Always apply oil to a rag/cloth and rub over the areas needed. Never pour the oil directly over the KM.


----------



## 30Knitter

colonialcat said:


> my Singer sewing machine oil final ran out and i got 3-1 oil to replace it with works just as well not that i sew much spend to much time on line should get back to making a few new wall hangings for church again and a quilt or so maybe ,


Bad choice of oil for your knitting machine. Over time your machine will gum up. It's better to use a synthetic oil which will evaporate and leave no residue behind. Also you should oil your machine and carriage after or before every garment. Makes for a smooth running machine.


----------



## megilham

Just seen an ad for Bellodor oil available from Uppingham Yarns (UK) www.wools.co.uk


----------



## LeAnn

I remember reading on here before that someone said a oil for guns was usable on machines. Makes sense, they are both metal with moving parts.


----------



## brinawitch

gun oil smells horrible! just saying...


----------



## mayellens

I have used various products over the years and have fallen in love with gun oil. ( Studio 560) It cleans and protects from rust.
Thought my spouse was crazy even thinking of it then, I paused and took it under consideration.
First
Gun owers 
do not want their gun to rust!
want very clean barrels
want that bullet not to get stuck on anything in the barrel!
I thought my machine would be in good hands.


----------



## KateWood

I didn't read all the replies but you can find what you need at theknittingcloset.com the last time I checked. Distinctiveknits.com also has good spray oil and the small bottles of oil for KMs


----------



## Peggy Beryl

30Knitter said:


> colonialcat said:
> 
> 
> 
> my Singer sewing machine oil final ran out and i got 3-1 oil to replace it with works just as well not that i sew much spend to much time on line should get back to making a few new wall hangings for church again and a quilt or so maybe ,
> 
> 
> 
> Bad choice of oil for your knitting machine. Over time your machine will gum up. It's better to use a synthetic oil which will evaporate and leave no residue behind. Also you should oil your machine and carriage after or before every garment. Makes for a smooth running machine.
Click to expand...

Best to oil BEFORE your sewing/knitting session. Then the oil gets distributed throughout as you sew/knit. Run some scrap yarn/fabric for a few inches to prevent getting oil on your project.
Oiling after your session does not reach all parts of the machine and is more apt to gum up if you should leave the machine unused for an extended period of time. You don't always know when you will return to the machine . . . I found this out the hard way when I was involved in an accident which did not allow me to sew for some MONTHS.


----------



## Louis Bourque

Allo Peggy, I'm new on this forum and speak French usually. I hope it's not too late to answer you, empressed. 

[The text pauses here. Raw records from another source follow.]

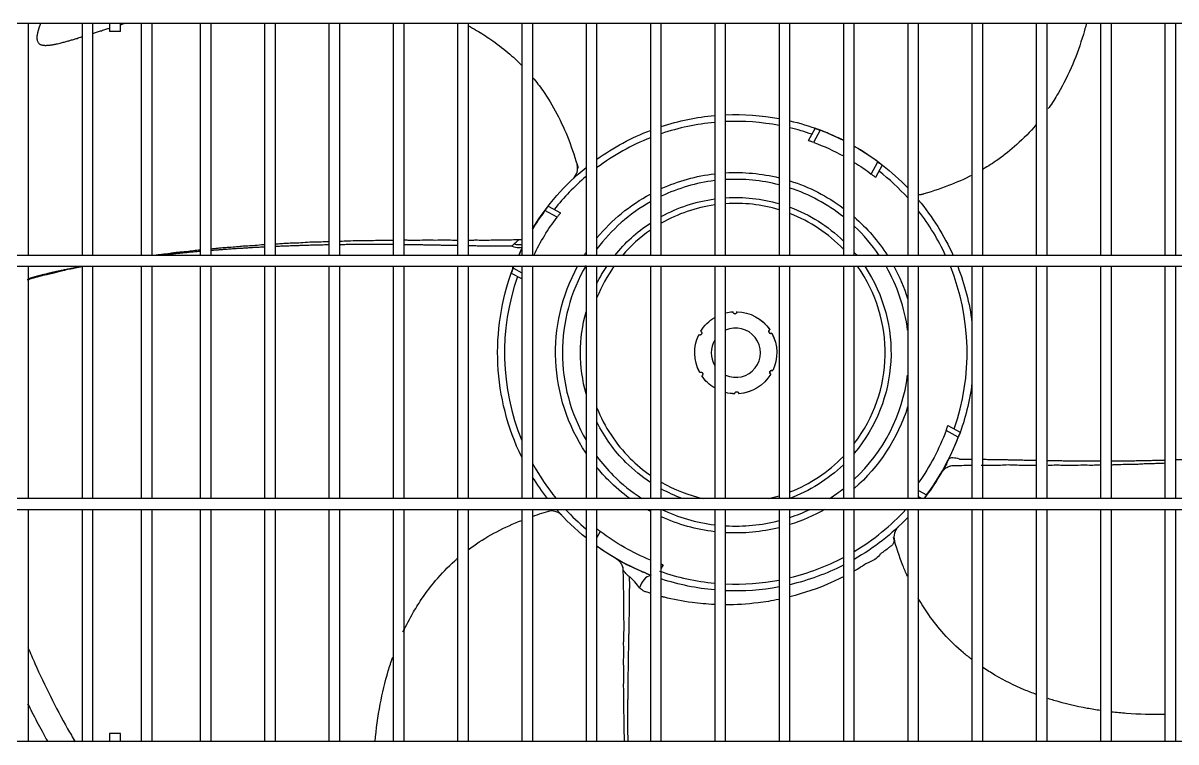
# Model space of a CAD drawing. Header units: millimetres. Extents: x 0 to 504600, y 0 to 118800.
# Drawn here: x 434387.5 to 434808.7, y 47617.4 to 47880 of the extents above; entities that cross this region are included whole.
import ezdxf

# ---------------------------------------------------------------- set-up
doc = ezdxf.new("R2010")
doc.units = ezdxf.units.MM
doc.header["$LTSCALE"] = 200
doc.layers.add('LG-AIRCON', color=240, linetype='Continuous')

# ---------------------------------------------------------------- blocks, each defined once
blk = doc.blocks.new('UXB+UXB')
at = {"layer": 'LG-AIRCON', "color": 0}
for p, q in [((-1831.81, 540.4), (-649.09, 540.4)), ((-1804.88, 455.6), (-1804.88, 540.4)), ((-1785.39, 540.39), (-1785.39, 455.61)), ((-1785.38, 540.39), (-1785.38, 455.61)), ((-1781.38, 455.61), (-1781.38, 540.39)), ((-1775.39, 540.4), (-1775.39, 537.4)), ((-1771.39, 537.4), (-1771.39, 540.4)), ((-1763.82, 540.39), (-1763.82, 455.61)), ((-1759.82, 455.61), (-1759.82, 540.39)), ((-1742.25, 540.39), (-1742.25, 455.61)), ((-1738.25, 455.61), (-1738.25, 540.39)), ((-1718.76, 540.39), (-1718.76, 455.61)), ((-1714.76, 455.61), (-1714.76, 540.39)), ((-1695.26, 540.39), (-1695.26, 455.61)), ((-1691.26, 455.61), (-1691.26, 540.39)), ((-1671.76, 540.39), (-1671.76, 455.61)), ((-1667.76, 455.61), (-1667.76, 540.39)), ((-1648.27, 540.39), (-1648.27, 455.61)), ((-1644.27, 455.61), (-1644.27, 540.39)), ((-1624.77, 540.39), (-1624.77, 455.61)), ((-1620.77, 455.61), (-1620.77, 540.39)), ((-1601.27, 540.39), (-1601.27, 455.61)), ((-1597.28, 455.61), (-1597.28, 540.39)), ((-1577.78, 540.39), (-1577.78, 455.61)), ((-1573.78, 455.61), (-1573.78, 540.39)), ((-1554.28, 540.39), (-1554.28, 455.61)), ((-1550.28, 455.61), (-1550.28, 540.39)), ((-1530.79, 540.39), (-1530.79, 455.61)), ((-1526.79, 455.61), (-1526.79, 540.39)), ((-1507.29, 540.39), (-1507.29, 455.61)), ((-1503.29, 455.61), (-1503.29, 540.39)), ((-1483.79, 540.39), (-1483.79, 455.61)), ((-1479.79, 455.61), (-1479.79, 540.39)), ((-1460.3, 540.39), (-1460.3, 455.61)), ((-1456.3, 455.61), (-1456.3, 540.39)), ((-1436.8, 540.39), (-1436.8, 455.61)), ((-1432.8, 455.61), (-1432.8, 540.39)), ((-1413.3, 540.39), (-1413.3, 455.61)), ((-1409.3, 455.61), (-1409.3, 540.39)), ((-1389.81, 540.39), (-1389.81, 455.61)), ((-1385.81, 455.61), (-1385.81, 540.39)), ((-1520.04, 497.54), (-1517.6, 501.99)), ((-1515.7, 501.29), (-1518.13, 496.86)), ((-1497.09, 485.32), (-1494.66, 489.75)), ((-1493.05, 488.52), (-1495.49, 484.07)), ((-1605.93, 483.65), (-1605.74, 483.83)), ((-1611.84, 469.54), (-1616.28, 471.97)), ((-1615.05, 473.58), (-1610.6, 471.14)), ((-649.09, 455.61), (-1831.81, 455.61)), ((-1831.81, 451.61), (-649.09, 451.61)), ((-1804.88, 366.83), (-1804.88, 451.61)), ((-1785.39, 451.61), (-1785.39, 366.83)), ((-1781.38, 366.83), (-1781.38, 451.61)), ((-1763.82, 451.61), (-1763.82, 366.83)), ((-1759.82, 366.83), (-1759.82, 451.61)), ((-1742.25, 451.61), (-1742.25, 366.83)), ((-1738.25, 366.83), (-1738.25, 451.61)), ((-1718.76, 451.61), (-1718.76, 366.83)), ((-1714.76, 366.83), (-1714.76, 451.61)), ((-1695.26, 451.61), (-1695.26, 366.83)), ((-1691.26, 366.83), (-1691.26, 451.61)), ((-1671.76, 451.61), (-1671.76, 366.83)), ((-1667.76, 366.83), (-1667.76, 451.61)), ((-1648.27, 451.61), (-1648.27, 366.83)), ((-1644.27, 366.83), (-1644.27, 451.61)), ((-1627.82, 450.94), (-1624.77, 449.26)), ((-1624.77, 451.61), (-1624.77, 366.83)), ((-1620.77, 366.83), (-1620.77, 451.61)), ((-1601.27, 451.61), (-1601.27, 366.83)), ((-1597.28, 366.83), (-1597.28, 451.61)), ((-1577.78, 451.61), (-1577.78, 366.83)), ((-1573.78, 366.83), (-1573.78, 451.61)), ((-1554.28, 451.61), (-1554.28, 366.83)), ((-1550.28, 366.83), (-1550.28, 451.61)), ((-1530.79, 451.61), (-1530.79, 366.83)), ((-1526.79, 366.83), (-1526.79, 451.61)), ((-1507.29, 451.61), (-1507.29, 366.83)), ((-1503.29, 366.83), (-1503.29, 451.61)), ((-1483.79, 451.61), (-1483.79, 366.83)), ((-1479.79, 366.83), (-1479.79, 451.61)), ((-1460.3, 451.61), (-1460.3, 366.83)), ((-1456.3, 366.83), (-1456.3, 451.61)), ((-1436.8, 451.61), (-1436.8, 366.83)), ((-1432.8, 366.83), (-1432.8, 451.61)), ((-1413.3, 451.61), (-1413.3, 366.83)), ((-1409.3, 366.83), (-1409.3, 451.61)), ((-1389.81, 451.61), (-1389.81, 366.83)), ((-1385.81, 366.83), (-1385.81, 451.61)), ((-1624.77, 446.98), (-1628.51, 449.04)), ((-1469.09, 393.51), (-1464.65, 391.07)), ((-1465.34, 389.17), (-1469.77, 391.6)), ((-649.09, 366.82), (-1831.81, 366.82)), ((-1479.79, 369.73), (-1476.88, 368.13)), ((-1478.66, 366.82), (-1479.79, 367.45)), ((-1831.81, 362.83), (-649.09, 362.83)), ((-1804.88, 278.04), (-1804.88, 362.83)), ((-1785.39, 362.83), (-1785.39, 278.04)), ((-1781.38, 278.04), (-1781.38, 362.83)), ((-1763.82, 362.83), (-1763.82, 278.04)), ((-1759.82, 278.04), (-1759.82, 362.83)), ((-1742.25, 362.83), (-1742.25, 278.04)), ((-1738.25, 278.04), (-1738.25, 362.83)), ((-1718.76, 362.83), (-1718.76, 278.04)), ((-1714.76, 278.04), (-1714.76, 362.83)), ((-1695.26, 362.83), (-1695.26, 278.04)), ((-1691.26, 278.04), (-1691.26, 362.83)), ((-1671.76, 362.83), (-1671.76, 278.04)), ((-1667.76, 278.04), (-1667.76, 362.83)), ((-1648.27, 362.83), (-1648.27, 278.04)), ((-1644.27, 278.04), (-1644.27, 362.83)), ((-1624.77, 362.83), (-1624.77, 278.04)), ((-1620.77, 278.04), (-1620.77, 362.83)), ((-1601.27, 362.83), (-1601.27, 278.04)), ((-1597.28, 278.04), (-1597.28, 362.83)), ((-1577.78, 362.83), (-1577.78, 278.04)), ((-1573.78, 278.04), (-1573.78, 362.83)), ((-1554.28, 362.83), (-1554.28, 278.04)), ((-1550.28, 278.04), (-1550.28, 362.83)), ((-1530.79, 362.83), (-1530.79, 278.04)), ((-1526.79, 278.04), (-1526.79, 362.83)), ((-1507.29, 362.83), (-1507.29, 278.04)), ((-1503.29, 278.04), (-1503.29, 362.83)), ((-1483.79, 362.83), (-1483.79, 278.04)), ((-1479.79, 278.04), (-1479.79, 362.83)), ((-1460.3, 362.83), (-1460.3, 278.04)), ((-1456.3, 278.04), (-1456.3, 362.83)), ((-1436.8, 362.83), (-1436.8, 278.04)), ((-1432.8, 278.04), (-1432.8, 362.83)), ((-1413.3, 362.83), (-1413.3, 278.04)), ((-1409.3, 278.04), (-1409.3, 362.83)), ((-1389.81, 362.83), (-1389.81, 278.04)), ((-1385.81, 278.04), (-1385.81, 362.83)), ((-1610.17, 360.7), (-1610.35, 360.9)), ((-1596.07, 354.79), (-1597.28, 352.59)), ((-1487.23, 356.46), (-1487.42, 356.28)), ((-1573.12, 342.57), (-1573.78, 341.37)), ((-649.09, 278.04), (-1831.81, 278.04)), ((-1775.39, 281.04), (-1775.39, 278.04)), ((-1771.39, 281.04), (-1775.39, 281.04)), ((-1771.39, 278.04), (-1771.39, 281.04))]:
    blk.add_line(p, q, dxfattribs=at)
at = {"layer": 'LG-AIRCON', "color": 0, "extrusion": (0, 0, -1)}
for centre, radius, start, end in [((1546.58, 420.05), 86.99, 71.7788, 84.9192), ((1546.58, 420.05), 86.99, 87.5599, 100.4611), ((1546.58, 420.05), 86.99, 54.354, 68.9829), ((1546.58, 420.05), 86.99, 103.1523, 110.4357), ((1546.58, 420.05), 81.91, 110.3267, 118.6663), ((1546.58, 420.05), 86.99, 119.8462, 136.2041), ((1546.58, 420.05), 81.91, 121.9061, 127.1733), ((1546.58, 420.05), 86.99, 31.4717, 51.0407), ((1546.58, 420.05), 65.82, 65.5875, 83.2781), ((1546.58, 420.05), 65.82, 86.7712, 103.8825), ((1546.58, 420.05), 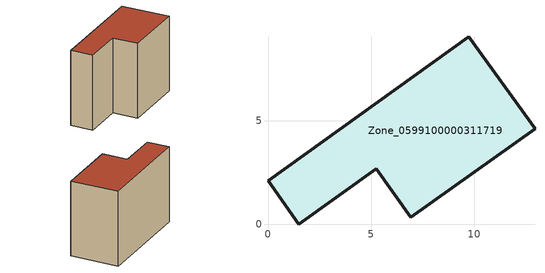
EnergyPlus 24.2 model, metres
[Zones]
Zone_0599100000311719
 floor ground (C_G): 5.24,2.68 1.5,0 0,2.1 9.74,9.07 12.94,4.61 6.92,0.34 z0
 wall outside (C_F): 9.74,9.07 0,2.1 1.5,0 5.24,2.68 6.92,0.34 12.94,4.61 9.74,9.07 z0:8.58
 roof outside (C_R): 6.92,0.34 12.94,4.61 9.74,9.07 0,2.1 1.5,0 5.24,2.68 z8.58
[BUILDING]
Pand.0599100000311719: North Axis=0; Terrain=City; Loads Convergence Tolerance Value=0.04; Temperature Convergence Tolerance Value=0.4; Solar Distribution=FullExterior; Maximum Number of Warmup Days=25; Minimum Number of Warmup Days=1
[Site:Location]
Rotterdam.The.Hague.AP_ZH_NLD Design_Conditions: Latitude=51.96; Longitude=4.45; Time Zone=1; Elevation=-4.5
[SITE:GROUNDTEMPERATURE:BUILDINGSURFACE]
18, 18, 18, 18, 18, 18, 18, 18, 18, 18, 18, 18
[MATERIAL] Thermal Absorptance=0.9; Solar Absorptance=0.7; Visible Absorptance=0.7
Name | Roughness | Thickness | Conductivity | Density | Specific Heat
G.TI.1975-1991 | MediumSmooth | 0.15 | 0.288461 | 540 | 1210
F.TI.1975-1991 | Rough | 0.3 | 0.230769 | 1920 | 840
R.TI.1975-1991 | MediumRough | 0.2 | 0.153846 | 1500 | 1000
[CONSTRUCTION]
C_G: G.TI.1975-1991
C_F: F.TI.1975-1991
C_R: R.TI.1975-1991
[ZONE]
Zone_0599100000311719: Type=1; Multiplier=1; Ceiling Height=Autocalculate; Volume=Autocalculate; Floor Area=autocalculate; Part of Total Floor Area=Yes
[ZONEINFILTRATION:DESIGNFLOWRATE]
Infil_Zone_0599100000311719: Zone or ZoneList or Space or SpaceList=Zone_0599100000311719; Schedule=AlwaysOn; Design Flow Rate Calculation Method=Flow/Area; Flow Rate per Floor Area=0.003; Constant Term Coefficient=1; Temperature Term Coefficient=0; Velocity Term Coefficient=0; Velocity Squared Term Coefficient=0
[HVACTEMPLATE:ZONE:IDEALLOADSAIRSYSTEM]
Zone_0599100000311719: Maximum Heating Supply Air Temperature=50; Minimum Cooling Supply Air Temperature=13; Maximum Heating Supply Air Humidity Ratio=0.0156; Minimum Cooling Supply Air Humidity Ratio=0.0077; Heating Limit=NoLimit; Cooling Limit=NoLimit; Dehumidification Control Type=ConstantSensibleHeatRatio; Cooling Sensible Heat Ratio=0.7; Dehumidification Setpoint=60; Humidification Control Type=None; Humidification Setpoint=30; Outdoor Air Method=None; Outdoor Air Flow Rate per Person=0.00944; Outdoor Air Flow Rate per Zone Floor Area=0; Outdoor Air Flow Rate per Zone=0; Demand Controlled Ventilation Type=None; Outdoor Air Economizer Type=NoEconomizer; Heat Recovery Type=None; Sensible Heat Recovery Effectiveness=0.7; Latent Heat Recovery Effectiveness=0.65
[ZONECONTROL:THERMOSTAT]
ThermostatControl_Zone_0599100000311719: Zone or ZoneList=Zone_0599100000311719; Control Type Schedule=DualSetpointControlType; Control 1=Thermostat_Zone_0599100000311719; Temperature Difference Between Cutout And Setpoint=0
[THERMOSTATSETPOINT:DUALSETPOINT]
Thermostat_Zone_0599100000311719: Heating Setpoint Temperature Schedule=HeatingSetpoint_Zone_0599100000311719; Cooling Setpoint Temperature Schedule=CoolingSetpoint_Zone_0599100000311719
[SCHEDULE:COMPACT]
HeatingSetpoint_Zone_0599100000311719: Through: 12/31, For: AllDays, Until: 24:00, 21
CoolingSetpoint_Zone_0599100000311719: Through: 12/31, For: AllDays, Until: 24:00, 24
DualSetpointControlType: Through: 12/31, For: AllDays, Until: 24:00, 4
AlwaysOn: Through: 12/31, For: AllDays, Until: 24:00, 1

I urge you not to use steam on the metallic parts for its condensation, depending on how it forms and remains in mechanical assemblies, would induce rust on bearing and joints normally polished and lubricated.

I sudied Aircraft Maintenance a long time ago, and greassy products (lubricants, fuels) were always cleaned with different solvents. 

If you handle volatile solvents, be sure to REMOVE YOUR CONTACT LENSES before, and to wear proper eye, breathing and skin protection. Concretely, safety goggles with lateral shells, butyl or vinyl gloves, and a breathing mask with multi-gas (charcoal) cartrige if you are exposed for a long periods. Please DO NOT USE THEM INDOOR, for fire hazard and health reasons. Please avoid chlorinated, brominated (halogenated) solvents for health reason.

Volatile solvents you could use are turpentine, acetone (solve both water and oils), xylene or naphta. They are quite powerful and will also dissove paint.

Non-volatile solvent you could use are varsol (kerozene) or citrus oils (irritant but not as toxic I suppose). Do not use gazoline, for fire hazard.

Typically, let the parts soak in (non-volatile) solvent, of apply a few drops of (volatile) sovent at intervals into assembly, and let its chemical action work. Non volatile solvent can then be cleaned with 70% rubbing alchool. I recomend this in case (corrosive) additive had been added to the solvent.

I do not recommend automotive or other "looseners" like "Releasall" for refine fixed machines like beautiful knitting machine for they may contain acid and be corrosive.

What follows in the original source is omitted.